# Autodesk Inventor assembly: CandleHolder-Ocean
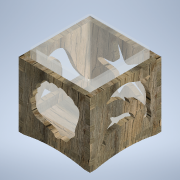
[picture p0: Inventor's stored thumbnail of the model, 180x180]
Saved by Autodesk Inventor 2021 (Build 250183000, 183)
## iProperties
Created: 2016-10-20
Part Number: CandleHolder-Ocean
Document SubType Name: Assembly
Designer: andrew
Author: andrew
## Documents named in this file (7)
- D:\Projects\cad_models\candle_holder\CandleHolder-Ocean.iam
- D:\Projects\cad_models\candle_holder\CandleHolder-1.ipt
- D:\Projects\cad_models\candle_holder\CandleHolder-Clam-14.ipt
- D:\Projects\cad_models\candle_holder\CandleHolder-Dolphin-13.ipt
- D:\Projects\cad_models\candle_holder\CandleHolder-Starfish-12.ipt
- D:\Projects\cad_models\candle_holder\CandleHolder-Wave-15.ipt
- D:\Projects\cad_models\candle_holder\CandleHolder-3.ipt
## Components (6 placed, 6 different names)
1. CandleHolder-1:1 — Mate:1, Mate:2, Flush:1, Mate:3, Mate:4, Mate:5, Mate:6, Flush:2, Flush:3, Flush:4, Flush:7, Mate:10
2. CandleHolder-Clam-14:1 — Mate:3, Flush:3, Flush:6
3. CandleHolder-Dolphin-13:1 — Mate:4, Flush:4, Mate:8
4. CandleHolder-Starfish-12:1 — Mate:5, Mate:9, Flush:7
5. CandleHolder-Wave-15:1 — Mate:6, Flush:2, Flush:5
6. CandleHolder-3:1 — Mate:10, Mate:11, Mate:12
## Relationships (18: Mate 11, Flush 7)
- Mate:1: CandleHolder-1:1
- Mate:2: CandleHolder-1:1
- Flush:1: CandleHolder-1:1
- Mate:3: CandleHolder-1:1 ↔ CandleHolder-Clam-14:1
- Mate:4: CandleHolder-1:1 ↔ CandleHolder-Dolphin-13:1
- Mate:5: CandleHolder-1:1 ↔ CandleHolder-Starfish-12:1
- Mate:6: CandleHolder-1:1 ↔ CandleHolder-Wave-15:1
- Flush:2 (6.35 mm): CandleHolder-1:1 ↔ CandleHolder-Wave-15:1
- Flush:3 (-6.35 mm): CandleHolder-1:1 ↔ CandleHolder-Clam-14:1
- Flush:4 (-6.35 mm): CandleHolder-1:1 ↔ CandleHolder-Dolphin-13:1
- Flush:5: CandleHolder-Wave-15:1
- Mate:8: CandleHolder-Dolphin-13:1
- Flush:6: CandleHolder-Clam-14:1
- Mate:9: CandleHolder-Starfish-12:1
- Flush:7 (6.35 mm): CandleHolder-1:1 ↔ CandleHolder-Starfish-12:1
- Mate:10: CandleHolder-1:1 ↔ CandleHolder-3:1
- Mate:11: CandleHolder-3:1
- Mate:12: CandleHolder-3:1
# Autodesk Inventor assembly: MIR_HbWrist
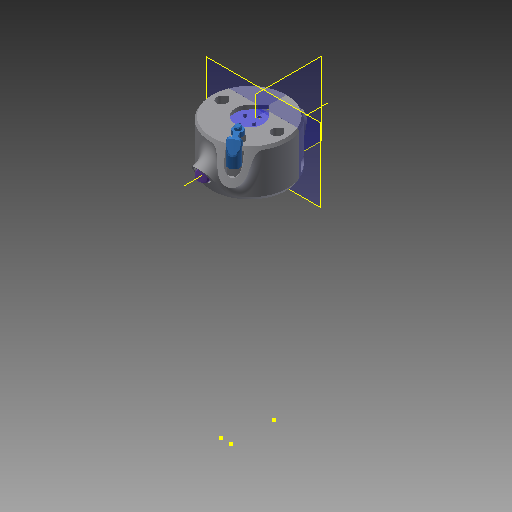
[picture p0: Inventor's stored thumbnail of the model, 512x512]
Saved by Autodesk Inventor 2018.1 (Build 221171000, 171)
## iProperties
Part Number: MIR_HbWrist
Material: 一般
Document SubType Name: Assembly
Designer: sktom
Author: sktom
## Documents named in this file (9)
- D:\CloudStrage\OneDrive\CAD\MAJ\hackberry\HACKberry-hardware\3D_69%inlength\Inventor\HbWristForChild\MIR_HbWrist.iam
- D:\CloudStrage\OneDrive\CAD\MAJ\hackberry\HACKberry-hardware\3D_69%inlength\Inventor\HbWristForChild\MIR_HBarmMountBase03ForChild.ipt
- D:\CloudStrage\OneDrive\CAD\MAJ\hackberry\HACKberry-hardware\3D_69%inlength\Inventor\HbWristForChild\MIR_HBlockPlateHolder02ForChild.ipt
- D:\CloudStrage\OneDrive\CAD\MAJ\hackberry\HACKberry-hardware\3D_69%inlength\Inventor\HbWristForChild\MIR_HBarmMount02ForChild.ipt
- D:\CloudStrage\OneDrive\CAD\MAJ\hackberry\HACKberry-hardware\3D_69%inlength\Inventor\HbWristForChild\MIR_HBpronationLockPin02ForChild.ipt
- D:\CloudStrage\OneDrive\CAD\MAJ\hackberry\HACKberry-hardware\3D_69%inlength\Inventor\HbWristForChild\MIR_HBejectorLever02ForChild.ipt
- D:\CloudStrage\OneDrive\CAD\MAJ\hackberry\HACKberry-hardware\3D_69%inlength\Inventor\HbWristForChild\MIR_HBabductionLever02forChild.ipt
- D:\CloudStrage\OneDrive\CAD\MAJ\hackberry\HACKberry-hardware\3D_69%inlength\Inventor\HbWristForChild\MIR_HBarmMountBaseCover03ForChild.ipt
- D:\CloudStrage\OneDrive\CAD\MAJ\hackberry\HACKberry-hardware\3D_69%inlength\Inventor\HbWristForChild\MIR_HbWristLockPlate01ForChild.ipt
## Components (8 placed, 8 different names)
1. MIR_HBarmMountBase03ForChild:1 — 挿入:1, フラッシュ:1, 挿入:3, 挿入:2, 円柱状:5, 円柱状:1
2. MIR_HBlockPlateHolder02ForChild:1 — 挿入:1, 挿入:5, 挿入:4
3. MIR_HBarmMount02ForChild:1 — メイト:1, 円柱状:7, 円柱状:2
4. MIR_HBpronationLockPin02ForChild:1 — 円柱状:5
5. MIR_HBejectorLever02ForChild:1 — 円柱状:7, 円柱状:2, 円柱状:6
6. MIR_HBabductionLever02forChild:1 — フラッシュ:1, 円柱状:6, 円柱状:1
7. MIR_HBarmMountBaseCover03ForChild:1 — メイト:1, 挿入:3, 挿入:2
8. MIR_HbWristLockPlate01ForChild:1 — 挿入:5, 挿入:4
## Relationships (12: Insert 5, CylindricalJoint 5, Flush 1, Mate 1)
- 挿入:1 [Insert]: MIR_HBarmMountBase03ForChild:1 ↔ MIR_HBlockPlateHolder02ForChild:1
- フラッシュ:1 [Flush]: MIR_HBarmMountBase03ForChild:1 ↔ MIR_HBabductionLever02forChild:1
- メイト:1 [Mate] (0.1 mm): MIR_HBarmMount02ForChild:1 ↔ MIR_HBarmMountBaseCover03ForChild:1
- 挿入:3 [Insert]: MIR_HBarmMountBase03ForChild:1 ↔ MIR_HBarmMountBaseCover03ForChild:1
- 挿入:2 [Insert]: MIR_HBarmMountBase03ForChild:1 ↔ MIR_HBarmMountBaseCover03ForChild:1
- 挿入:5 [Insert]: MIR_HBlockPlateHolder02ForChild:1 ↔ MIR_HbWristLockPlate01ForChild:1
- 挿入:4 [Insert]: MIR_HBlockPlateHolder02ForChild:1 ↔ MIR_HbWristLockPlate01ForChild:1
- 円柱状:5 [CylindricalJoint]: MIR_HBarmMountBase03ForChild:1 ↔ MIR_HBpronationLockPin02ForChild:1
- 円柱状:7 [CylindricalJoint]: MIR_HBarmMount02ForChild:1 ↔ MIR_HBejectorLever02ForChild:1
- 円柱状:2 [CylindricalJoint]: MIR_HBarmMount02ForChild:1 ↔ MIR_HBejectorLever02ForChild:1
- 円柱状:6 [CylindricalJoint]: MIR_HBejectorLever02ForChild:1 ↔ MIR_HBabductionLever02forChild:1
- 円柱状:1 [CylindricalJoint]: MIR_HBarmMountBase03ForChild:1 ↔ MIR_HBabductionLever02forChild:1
---
Instructions to follow: The copy should run from the first line of the material above through the line with "## Components (6 placed, 6 different names)", repeated exactly and without pictures.

Exercise answer:
# Autodesk Inventor assembly: CandleHolder-Ocean
[picture p0: Inventor's stored thumbnail of the model, 180x180]
Saved by Autodesk Inventor 2021 (Build 250183000, 183)
## iProperties
Created: 2016-10-20
Part Number: CandleHolder-Ocean
Document SubType Name: Assembly
Designer: andrew
Author: andrew
## Documents named in this file (7)
- D:\Projects\cad_models\candle_holder\CandleHolder-Ocean.iam
- D:\Projects\cad_models\candle_holder\CandleHolder-1.ipt
- D:\Projects\cad_models\candle_holder\CandleHolder-Clam-14.ipt
- D:\Projects\cad_models\candle_holder\CandleHolder-Dolphin-13.ipt
- D:\Projects\cad_models\candle_holder\CandleHolder-Starfish-12.ipt
- D:\Projects\cad_models\candle_holder\CandleHolder-Wave-15.ipt
- D:\Projects\cad_models\candle_holder\CandleHolder-3.ipt
## Components (6 placed, 6 different names)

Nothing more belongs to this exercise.